In vivo activation of ASIC1a in the BLA suppresses anxiety-like behavior, while antagonism of ASIC1a increases anxiety. a, Panoramic photomicrograph of a coronal, Nissl-stained brain section, showing the drug injection site. Methylene blue was injected before histological analysis. b, Schematic representation of coronal sections from rat brain (from Paxinos and Watson, 2005) showing the injection sites. Coordinates are with respect to bregma.

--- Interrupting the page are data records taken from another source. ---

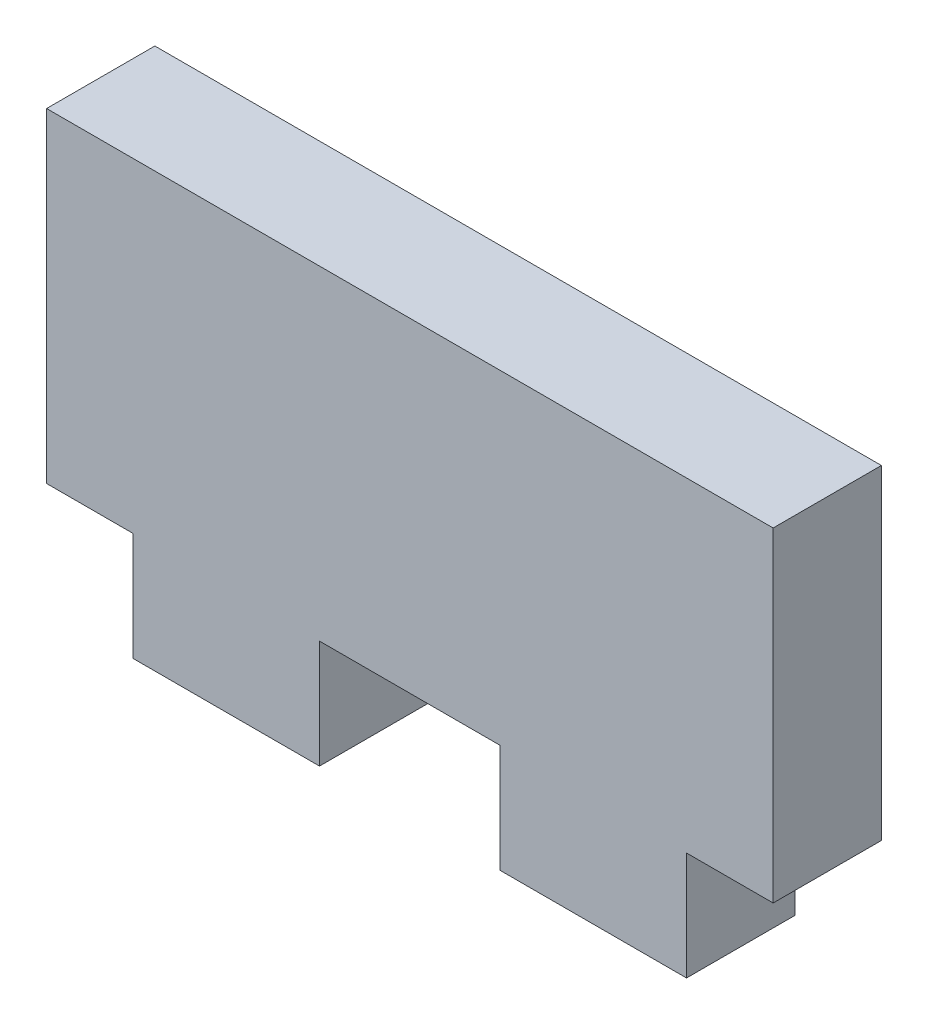
from build123d import *

# Parameters (mm, degrees)
BOSS_EXTRUDE1_DEPTH = 5


with BuildPart() as part:
    # Sketch1 → Boss-Extrude1 (new body)
    with BuildSketch(Plane.XY):
        Polygon((-44.39147487, 39.614086071), (-10.83627487, 39.614086071), (-10.83627487, 24.614086071), (-14.83627487, 24.614086071), (-14.83627487, 19.614086071), (-23.44047487, 19.614086071), (-23.44047487, 24.614086071), (-31.78717487, 24.614086071), (-31.78717487, 19.614086071), (-40.39147487, 19.614086071), (-40.39147487, 24.614086071), (-44.39147487, 24.614086071), align=None)
    extrude(amount=BOSS_EXTRUDE1_DEPTH)


solid = part.part
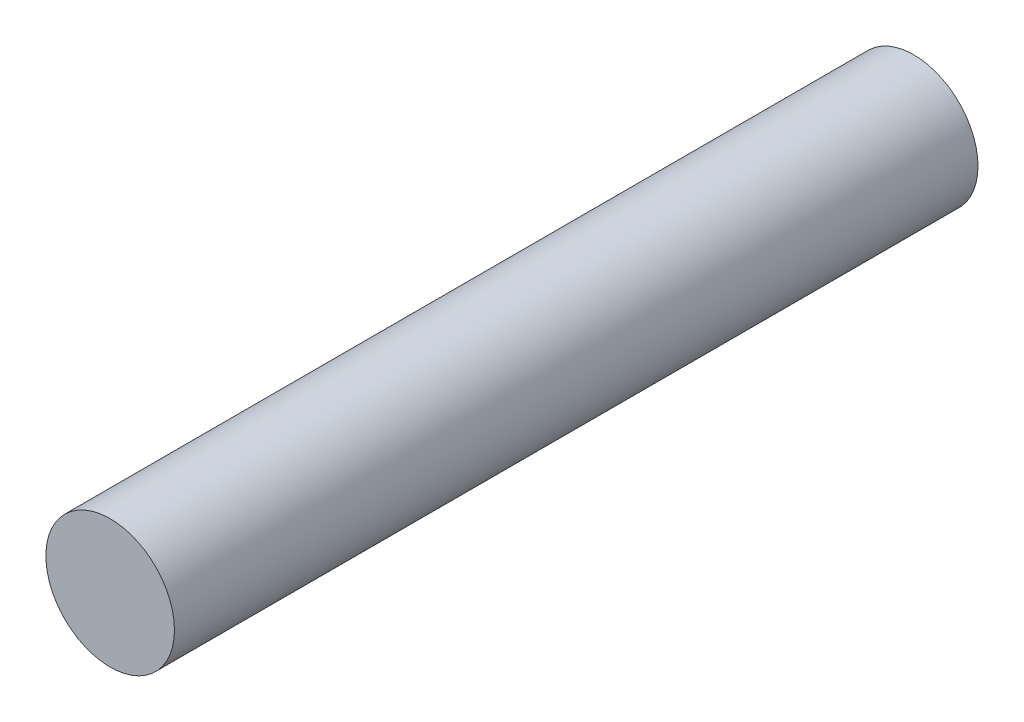
from build123d import *

# Parameters (mm, degrees)
SKETCH_1_R      = 0.4
EXTRUDE_1_DEPTH = 5


with BuildPart() as part:
    # 草图1 → 凸台-拉伸1 (new body)
    with BuildSketch(Plane.XY):
        Circle(SKETCH_1_R)
    extrude(amount=EXTRUDE_1_DEPTH)


solid = part.part
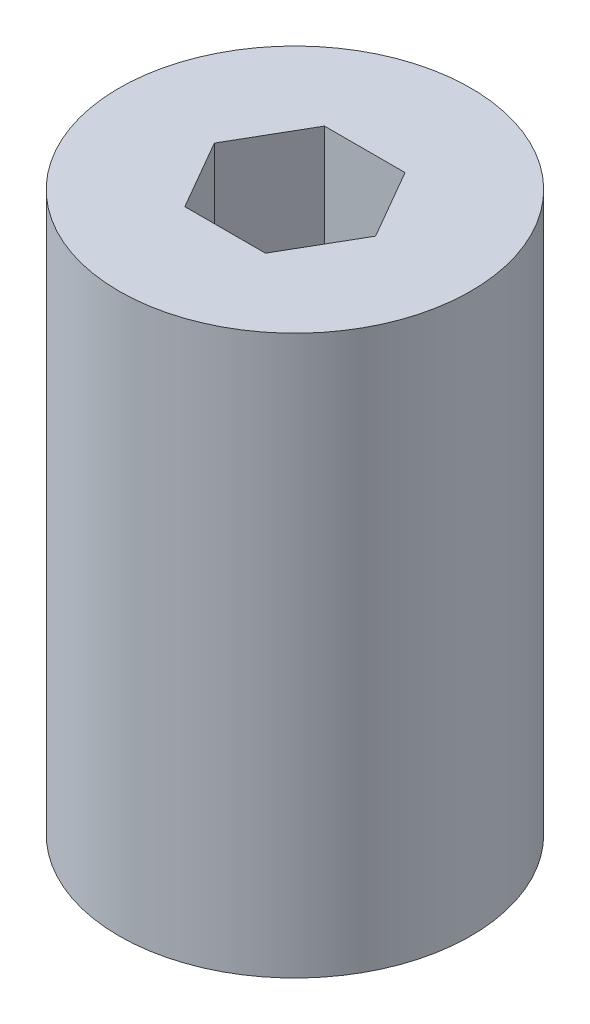
from build123d import *

# Parameters (mm, degrees)
SKETCH2_R           = 16.002
BOSS_EXTRUDE1_DEPTH = 50.8
CUT_EXTRUDE1_DEPTH  = 56.612660501


with BuildPart() as part:
    # Sketch2 → Boss-Extrude1 (new body)
    with BuildSketch(Plane(origin=(0, 0, 0), x_dir=(1, 0, 0), z_dir=(0, 1, 0))):
        with Locations(Location((0, 0, 0), (0, 0, 270))):
            Circle(SKETCH2_R)
    extrude(amount=BOSS_EXTRUDE1_DEPTH)

    # Sketch3 → Cut-Extrude1 (cut, through all)
    with BuildSketch(Plane(origin=(0, 50.8, 0), x_dir=(1, 0, 0), z_dir=(0, 1, 0))):
        Polygon((7.332348419, 0), (3.666174209, 6.35), (-3.666174209, 6.35), (-7.332348419, 0), (-3.666174209, -6.35), (3.666174209, -6.35), align=None)
    extrude(amount=-CUT_EXTRUDE1_DEPTH, mode=Mode.SUBTRACT)


solid = part.part

The “dots” (small filled circles) represent the locations of the tips of the guide cannulae, as revealed by histological analysis; their number is fewer than the total number of rats used because of several overlaps. c, d, In the open field test, the rats spent significantly more time in the center, after microinjection of ammonium bilaterally into the BLA (c), and significantly less time in the center, after microinjection of psalmotoxin into the BLA (d), compared with the time they spent in the center of the open field when injected with the vehicle. e, f, In the light/dark box test, rats microinjected with ammonium bilaterally into the BLA took a significantly longer time to enter the dark compartment (e), and spent more total time in the light compartment (f), compared with rats injected with the vehicle; **p < 0.01, ***p < 0.001.